» How to complete this task
Repeat verbatim, and only, the lines of the data below, beginning at the line that contains "#153=EDGE_LOOP('',(#134,#144,#152));" and stopping after the line that contains "#174=DIRECTION('',(0.,-1.,0.));".

» Data shown
◇ ◇ ◇ ◇

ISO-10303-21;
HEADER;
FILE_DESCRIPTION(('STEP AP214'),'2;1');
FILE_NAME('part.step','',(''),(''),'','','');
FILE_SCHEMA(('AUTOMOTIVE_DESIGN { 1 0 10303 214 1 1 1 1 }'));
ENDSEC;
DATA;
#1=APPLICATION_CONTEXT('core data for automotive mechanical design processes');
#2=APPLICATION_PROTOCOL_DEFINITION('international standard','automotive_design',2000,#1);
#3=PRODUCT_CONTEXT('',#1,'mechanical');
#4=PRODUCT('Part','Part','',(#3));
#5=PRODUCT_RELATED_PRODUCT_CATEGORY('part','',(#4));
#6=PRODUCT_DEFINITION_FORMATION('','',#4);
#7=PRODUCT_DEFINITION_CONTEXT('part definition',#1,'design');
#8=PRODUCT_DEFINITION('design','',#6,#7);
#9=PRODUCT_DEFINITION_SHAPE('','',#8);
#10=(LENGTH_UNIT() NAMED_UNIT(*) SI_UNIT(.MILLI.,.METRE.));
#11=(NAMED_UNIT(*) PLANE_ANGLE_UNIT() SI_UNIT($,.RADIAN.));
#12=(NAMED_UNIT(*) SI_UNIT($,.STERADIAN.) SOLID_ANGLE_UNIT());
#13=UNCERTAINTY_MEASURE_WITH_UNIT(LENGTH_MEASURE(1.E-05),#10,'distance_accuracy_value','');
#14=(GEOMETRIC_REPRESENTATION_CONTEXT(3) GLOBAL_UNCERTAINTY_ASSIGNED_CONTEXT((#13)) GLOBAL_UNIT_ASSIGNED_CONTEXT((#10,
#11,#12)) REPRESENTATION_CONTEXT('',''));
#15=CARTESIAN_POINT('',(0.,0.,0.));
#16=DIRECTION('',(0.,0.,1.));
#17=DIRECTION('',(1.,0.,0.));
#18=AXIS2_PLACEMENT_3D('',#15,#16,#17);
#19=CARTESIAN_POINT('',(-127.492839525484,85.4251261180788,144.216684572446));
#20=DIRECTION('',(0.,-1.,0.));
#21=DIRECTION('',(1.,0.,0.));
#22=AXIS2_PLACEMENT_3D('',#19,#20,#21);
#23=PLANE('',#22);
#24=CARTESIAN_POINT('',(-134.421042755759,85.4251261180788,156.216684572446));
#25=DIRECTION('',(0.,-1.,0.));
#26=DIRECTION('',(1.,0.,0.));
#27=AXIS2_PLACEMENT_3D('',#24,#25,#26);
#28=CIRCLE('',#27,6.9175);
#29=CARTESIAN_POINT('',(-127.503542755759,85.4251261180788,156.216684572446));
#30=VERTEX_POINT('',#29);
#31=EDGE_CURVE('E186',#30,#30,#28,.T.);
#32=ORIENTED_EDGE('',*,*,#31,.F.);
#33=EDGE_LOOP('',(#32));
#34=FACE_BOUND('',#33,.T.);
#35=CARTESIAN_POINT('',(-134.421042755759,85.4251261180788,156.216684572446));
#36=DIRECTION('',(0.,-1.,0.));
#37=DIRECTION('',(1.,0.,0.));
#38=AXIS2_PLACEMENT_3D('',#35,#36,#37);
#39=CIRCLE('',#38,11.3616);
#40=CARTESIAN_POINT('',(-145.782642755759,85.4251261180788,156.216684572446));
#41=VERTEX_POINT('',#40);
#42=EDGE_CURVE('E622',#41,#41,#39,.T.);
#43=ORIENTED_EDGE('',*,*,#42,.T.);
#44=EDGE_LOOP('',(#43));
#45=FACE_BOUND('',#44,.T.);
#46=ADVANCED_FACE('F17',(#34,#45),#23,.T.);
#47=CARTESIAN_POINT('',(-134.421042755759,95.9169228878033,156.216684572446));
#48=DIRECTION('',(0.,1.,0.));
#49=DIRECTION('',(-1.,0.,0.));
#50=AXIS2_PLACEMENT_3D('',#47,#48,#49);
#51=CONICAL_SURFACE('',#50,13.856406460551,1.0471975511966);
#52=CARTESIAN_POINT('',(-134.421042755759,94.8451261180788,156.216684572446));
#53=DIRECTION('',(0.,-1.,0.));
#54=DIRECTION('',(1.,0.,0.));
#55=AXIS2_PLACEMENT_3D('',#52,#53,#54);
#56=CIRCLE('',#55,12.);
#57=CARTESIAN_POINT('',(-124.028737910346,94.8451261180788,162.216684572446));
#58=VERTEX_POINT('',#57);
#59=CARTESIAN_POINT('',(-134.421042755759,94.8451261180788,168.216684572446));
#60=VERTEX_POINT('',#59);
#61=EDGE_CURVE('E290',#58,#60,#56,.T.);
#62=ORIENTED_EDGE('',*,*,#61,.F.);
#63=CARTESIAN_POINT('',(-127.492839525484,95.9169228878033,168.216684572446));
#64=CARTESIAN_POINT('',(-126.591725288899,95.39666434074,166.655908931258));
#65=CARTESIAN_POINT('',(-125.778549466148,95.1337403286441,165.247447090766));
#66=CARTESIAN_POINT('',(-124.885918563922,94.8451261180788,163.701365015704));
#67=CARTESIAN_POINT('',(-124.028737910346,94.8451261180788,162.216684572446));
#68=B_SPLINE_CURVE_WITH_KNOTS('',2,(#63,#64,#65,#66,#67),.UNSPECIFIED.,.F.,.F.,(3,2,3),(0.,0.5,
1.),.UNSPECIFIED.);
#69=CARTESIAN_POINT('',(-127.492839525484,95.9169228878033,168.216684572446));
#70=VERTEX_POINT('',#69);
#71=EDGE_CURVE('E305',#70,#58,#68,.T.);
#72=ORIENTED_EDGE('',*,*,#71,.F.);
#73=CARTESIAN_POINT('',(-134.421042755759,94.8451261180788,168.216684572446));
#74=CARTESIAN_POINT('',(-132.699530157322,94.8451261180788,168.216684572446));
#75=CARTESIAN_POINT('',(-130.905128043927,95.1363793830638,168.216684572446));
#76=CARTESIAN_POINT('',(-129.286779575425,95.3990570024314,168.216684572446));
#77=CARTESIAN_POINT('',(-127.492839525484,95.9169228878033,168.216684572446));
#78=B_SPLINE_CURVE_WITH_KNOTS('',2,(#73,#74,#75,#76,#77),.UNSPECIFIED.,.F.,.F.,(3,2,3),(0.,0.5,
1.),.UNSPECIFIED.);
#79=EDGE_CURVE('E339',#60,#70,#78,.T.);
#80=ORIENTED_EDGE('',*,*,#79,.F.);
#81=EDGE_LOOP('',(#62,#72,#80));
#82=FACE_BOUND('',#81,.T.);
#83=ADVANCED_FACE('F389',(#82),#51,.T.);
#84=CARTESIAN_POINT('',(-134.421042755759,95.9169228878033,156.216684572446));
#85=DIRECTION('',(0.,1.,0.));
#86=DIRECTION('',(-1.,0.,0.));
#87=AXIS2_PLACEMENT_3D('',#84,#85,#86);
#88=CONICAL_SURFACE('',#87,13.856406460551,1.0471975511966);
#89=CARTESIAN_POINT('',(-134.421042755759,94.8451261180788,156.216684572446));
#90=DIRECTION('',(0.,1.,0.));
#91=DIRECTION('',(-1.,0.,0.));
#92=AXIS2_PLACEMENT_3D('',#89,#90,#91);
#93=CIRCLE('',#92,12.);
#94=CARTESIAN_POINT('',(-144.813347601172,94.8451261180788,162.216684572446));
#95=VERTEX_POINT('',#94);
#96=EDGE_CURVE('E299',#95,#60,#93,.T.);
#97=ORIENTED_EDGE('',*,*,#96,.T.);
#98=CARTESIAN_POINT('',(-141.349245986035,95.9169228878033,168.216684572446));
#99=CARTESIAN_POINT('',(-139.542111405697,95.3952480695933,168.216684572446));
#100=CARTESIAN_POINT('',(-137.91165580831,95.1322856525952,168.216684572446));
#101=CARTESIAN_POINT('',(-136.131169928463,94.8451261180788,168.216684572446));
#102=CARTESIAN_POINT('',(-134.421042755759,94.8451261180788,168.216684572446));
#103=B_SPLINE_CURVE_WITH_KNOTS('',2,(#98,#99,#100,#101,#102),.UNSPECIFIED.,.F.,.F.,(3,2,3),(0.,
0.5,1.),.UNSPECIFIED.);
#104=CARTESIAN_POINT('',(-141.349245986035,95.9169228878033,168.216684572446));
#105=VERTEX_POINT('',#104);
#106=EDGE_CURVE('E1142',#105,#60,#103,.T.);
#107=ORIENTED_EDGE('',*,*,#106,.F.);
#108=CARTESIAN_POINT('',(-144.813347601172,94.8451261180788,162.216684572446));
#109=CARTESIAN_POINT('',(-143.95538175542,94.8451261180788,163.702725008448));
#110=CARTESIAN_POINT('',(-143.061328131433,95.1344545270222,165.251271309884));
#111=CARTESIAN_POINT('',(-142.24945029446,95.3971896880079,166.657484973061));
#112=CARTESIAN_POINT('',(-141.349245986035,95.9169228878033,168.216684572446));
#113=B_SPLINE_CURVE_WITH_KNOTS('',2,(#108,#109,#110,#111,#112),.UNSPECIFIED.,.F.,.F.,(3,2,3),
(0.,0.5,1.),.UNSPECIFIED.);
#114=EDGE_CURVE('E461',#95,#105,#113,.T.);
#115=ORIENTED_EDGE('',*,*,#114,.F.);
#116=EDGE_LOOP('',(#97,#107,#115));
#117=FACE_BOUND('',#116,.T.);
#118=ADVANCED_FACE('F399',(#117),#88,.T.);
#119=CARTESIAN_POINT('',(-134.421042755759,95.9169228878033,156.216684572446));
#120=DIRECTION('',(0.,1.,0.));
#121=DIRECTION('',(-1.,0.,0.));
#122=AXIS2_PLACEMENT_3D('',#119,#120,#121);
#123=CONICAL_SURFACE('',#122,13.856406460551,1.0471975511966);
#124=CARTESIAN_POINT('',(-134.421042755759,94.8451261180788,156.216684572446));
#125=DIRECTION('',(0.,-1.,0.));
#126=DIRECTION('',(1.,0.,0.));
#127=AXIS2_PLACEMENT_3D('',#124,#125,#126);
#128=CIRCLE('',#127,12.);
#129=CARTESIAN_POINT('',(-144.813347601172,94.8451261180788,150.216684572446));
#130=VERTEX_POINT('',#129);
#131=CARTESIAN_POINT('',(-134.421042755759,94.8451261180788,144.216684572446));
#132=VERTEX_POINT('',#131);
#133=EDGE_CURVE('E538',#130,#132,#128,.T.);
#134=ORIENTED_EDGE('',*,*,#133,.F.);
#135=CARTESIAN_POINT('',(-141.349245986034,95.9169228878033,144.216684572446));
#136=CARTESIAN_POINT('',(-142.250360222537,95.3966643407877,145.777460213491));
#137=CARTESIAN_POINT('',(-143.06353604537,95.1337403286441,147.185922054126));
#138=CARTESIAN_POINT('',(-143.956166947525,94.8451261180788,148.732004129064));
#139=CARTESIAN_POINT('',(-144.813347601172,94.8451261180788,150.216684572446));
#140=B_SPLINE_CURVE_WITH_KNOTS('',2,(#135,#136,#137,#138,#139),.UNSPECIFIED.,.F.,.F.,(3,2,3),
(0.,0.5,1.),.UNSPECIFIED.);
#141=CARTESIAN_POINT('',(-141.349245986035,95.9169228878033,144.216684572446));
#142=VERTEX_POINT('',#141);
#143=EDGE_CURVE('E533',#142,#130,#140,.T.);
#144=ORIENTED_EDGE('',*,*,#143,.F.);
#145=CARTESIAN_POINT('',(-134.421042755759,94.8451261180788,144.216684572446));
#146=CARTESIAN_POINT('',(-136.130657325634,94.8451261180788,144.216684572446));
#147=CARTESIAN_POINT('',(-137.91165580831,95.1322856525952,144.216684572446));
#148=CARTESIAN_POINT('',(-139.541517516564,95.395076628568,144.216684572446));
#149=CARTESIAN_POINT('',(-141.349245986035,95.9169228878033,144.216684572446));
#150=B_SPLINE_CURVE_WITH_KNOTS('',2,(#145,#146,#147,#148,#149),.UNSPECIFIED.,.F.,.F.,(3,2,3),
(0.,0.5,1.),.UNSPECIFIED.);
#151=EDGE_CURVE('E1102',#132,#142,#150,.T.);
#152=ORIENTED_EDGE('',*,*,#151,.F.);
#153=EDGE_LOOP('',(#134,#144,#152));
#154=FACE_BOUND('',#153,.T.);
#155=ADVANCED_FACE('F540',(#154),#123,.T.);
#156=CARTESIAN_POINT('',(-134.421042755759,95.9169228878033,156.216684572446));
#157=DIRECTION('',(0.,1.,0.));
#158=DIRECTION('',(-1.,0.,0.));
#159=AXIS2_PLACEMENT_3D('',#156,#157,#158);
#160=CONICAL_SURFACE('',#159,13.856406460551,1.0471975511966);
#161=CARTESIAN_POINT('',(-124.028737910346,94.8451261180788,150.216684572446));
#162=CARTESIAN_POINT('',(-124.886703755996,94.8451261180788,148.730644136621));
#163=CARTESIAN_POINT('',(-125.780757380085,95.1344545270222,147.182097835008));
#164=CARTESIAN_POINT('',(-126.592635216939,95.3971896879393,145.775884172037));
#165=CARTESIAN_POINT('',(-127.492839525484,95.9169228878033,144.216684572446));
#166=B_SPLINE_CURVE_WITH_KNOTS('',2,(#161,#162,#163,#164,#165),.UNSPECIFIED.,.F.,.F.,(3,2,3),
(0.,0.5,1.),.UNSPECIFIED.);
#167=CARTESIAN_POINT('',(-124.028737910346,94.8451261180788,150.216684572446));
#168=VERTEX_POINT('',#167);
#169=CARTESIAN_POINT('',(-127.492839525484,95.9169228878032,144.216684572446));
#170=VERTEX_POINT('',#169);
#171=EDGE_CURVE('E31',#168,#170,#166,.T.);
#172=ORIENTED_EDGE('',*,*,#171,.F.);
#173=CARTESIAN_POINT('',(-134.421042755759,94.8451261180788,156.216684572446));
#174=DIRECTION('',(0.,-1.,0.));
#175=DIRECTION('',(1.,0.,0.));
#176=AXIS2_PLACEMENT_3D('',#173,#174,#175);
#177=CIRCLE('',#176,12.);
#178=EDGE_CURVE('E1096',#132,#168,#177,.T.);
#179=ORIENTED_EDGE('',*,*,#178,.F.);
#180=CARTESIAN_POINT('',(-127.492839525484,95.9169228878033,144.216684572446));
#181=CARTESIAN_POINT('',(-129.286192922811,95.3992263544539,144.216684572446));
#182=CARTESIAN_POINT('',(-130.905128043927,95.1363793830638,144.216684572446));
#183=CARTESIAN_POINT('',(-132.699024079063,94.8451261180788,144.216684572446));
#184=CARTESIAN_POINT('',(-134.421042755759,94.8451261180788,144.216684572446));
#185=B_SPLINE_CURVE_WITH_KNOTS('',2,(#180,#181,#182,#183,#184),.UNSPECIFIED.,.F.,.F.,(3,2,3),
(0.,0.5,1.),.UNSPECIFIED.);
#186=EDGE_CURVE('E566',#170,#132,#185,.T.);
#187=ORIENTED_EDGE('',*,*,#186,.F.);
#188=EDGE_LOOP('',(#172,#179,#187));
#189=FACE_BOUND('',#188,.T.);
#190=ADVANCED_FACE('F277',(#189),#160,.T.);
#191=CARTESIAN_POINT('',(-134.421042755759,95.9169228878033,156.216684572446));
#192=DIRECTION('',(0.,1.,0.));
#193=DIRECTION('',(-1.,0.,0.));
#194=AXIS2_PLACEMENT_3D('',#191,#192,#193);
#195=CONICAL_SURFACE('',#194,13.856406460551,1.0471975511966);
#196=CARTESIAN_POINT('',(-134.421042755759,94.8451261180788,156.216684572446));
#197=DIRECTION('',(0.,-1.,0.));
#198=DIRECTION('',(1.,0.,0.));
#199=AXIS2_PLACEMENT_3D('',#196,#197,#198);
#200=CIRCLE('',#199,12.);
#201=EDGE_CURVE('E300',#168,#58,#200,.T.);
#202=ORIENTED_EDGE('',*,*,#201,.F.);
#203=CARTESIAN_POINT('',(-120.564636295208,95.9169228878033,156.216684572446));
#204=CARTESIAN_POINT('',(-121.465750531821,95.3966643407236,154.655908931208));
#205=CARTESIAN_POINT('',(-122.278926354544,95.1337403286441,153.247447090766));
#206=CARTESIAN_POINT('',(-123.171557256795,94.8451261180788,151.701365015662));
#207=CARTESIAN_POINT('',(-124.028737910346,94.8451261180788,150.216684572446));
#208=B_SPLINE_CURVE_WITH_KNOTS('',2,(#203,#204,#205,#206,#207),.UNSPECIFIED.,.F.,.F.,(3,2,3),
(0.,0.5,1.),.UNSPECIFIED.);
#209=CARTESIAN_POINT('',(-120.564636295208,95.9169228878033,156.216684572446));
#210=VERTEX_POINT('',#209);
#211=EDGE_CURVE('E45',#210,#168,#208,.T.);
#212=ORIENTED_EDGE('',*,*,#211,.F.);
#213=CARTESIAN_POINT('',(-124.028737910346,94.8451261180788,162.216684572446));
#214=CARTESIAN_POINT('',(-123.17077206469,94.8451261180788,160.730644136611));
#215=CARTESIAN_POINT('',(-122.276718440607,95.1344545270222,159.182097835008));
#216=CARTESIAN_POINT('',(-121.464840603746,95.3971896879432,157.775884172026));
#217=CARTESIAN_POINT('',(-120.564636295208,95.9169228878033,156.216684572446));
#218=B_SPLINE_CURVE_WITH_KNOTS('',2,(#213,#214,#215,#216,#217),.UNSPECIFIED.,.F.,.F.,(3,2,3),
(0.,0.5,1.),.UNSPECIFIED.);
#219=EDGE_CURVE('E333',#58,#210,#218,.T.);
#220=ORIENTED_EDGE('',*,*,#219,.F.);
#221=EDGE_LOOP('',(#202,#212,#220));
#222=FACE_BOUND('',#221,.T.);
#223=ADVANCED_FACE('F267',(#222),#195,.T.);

◇ ◇ ◇ ◇

» Written answer
#153=EDGE_LOOP('',(#134,#144,#152));
#154=FACE_BOUND('',#153,.T.);
#155=ADVANCED_FACE('F540',(#154),#123,.T.);
#156=CARTESIAN_POINT('',(-134.421042755759,95.9169228878033,156.216684572446));
#157=DIRECTION('',(0.,1.,0.));
#158=DIRECTION('',(-1.,0.,0.));
#159=AXIS2_PLACEMENT_3D('',#156,#157,#158);
#160=CONICAL_SURFACE('',#159,13.856406460551,1.0471975511966);
#161=CARTESIAN_POINT('',(-124.028737910346,94.8451261180788,150.216684572446));
#162=CARTESIAN_POINT('',(-124.886703755996,94.8451261180788,148.730644136621));
#163=CARTESIAN_POINT('',(-125.780757380085,95.1344545270222,147.182097835008));
#164=CARTESIAN_POINT('',(-126.592635216939,95.3971896879393,145.775884172037));
#165=CARTESIAN_POINT('',(-127.492839525484,95.9169228878033,144.216684572446));
#166=B_SPLINE_CURVE_WITH_KNOTS('',2,(#161,#162,#163,#164,#165),.UNSPECIFIED.,.F.,.F.,(3,2,3),
(0.,0.5,1.),.UNSPECIFIED.);
#167=CARTESIAN_POINT('',(-124.028737910346,94.8451261180788,150.216684572446));
#168=VERTEX_POINT('',#167);
#169=CARTESIAN_POINT('',(-127.492839525484,95.9169228878032,144.216684572446));
#170=VERTEX_POINT('',#169);
#171=EDGE_CURVE('E31',#168,#170,#166,.T.);
#172=ORIENTED_EDGE('',*,*,#171,.F.);
#173=CARTESIAN_POINT('',(-134.421042755759,94.8451261180788,156.216684572446));
#174=DIRECTION('',(0.,-1.,0.));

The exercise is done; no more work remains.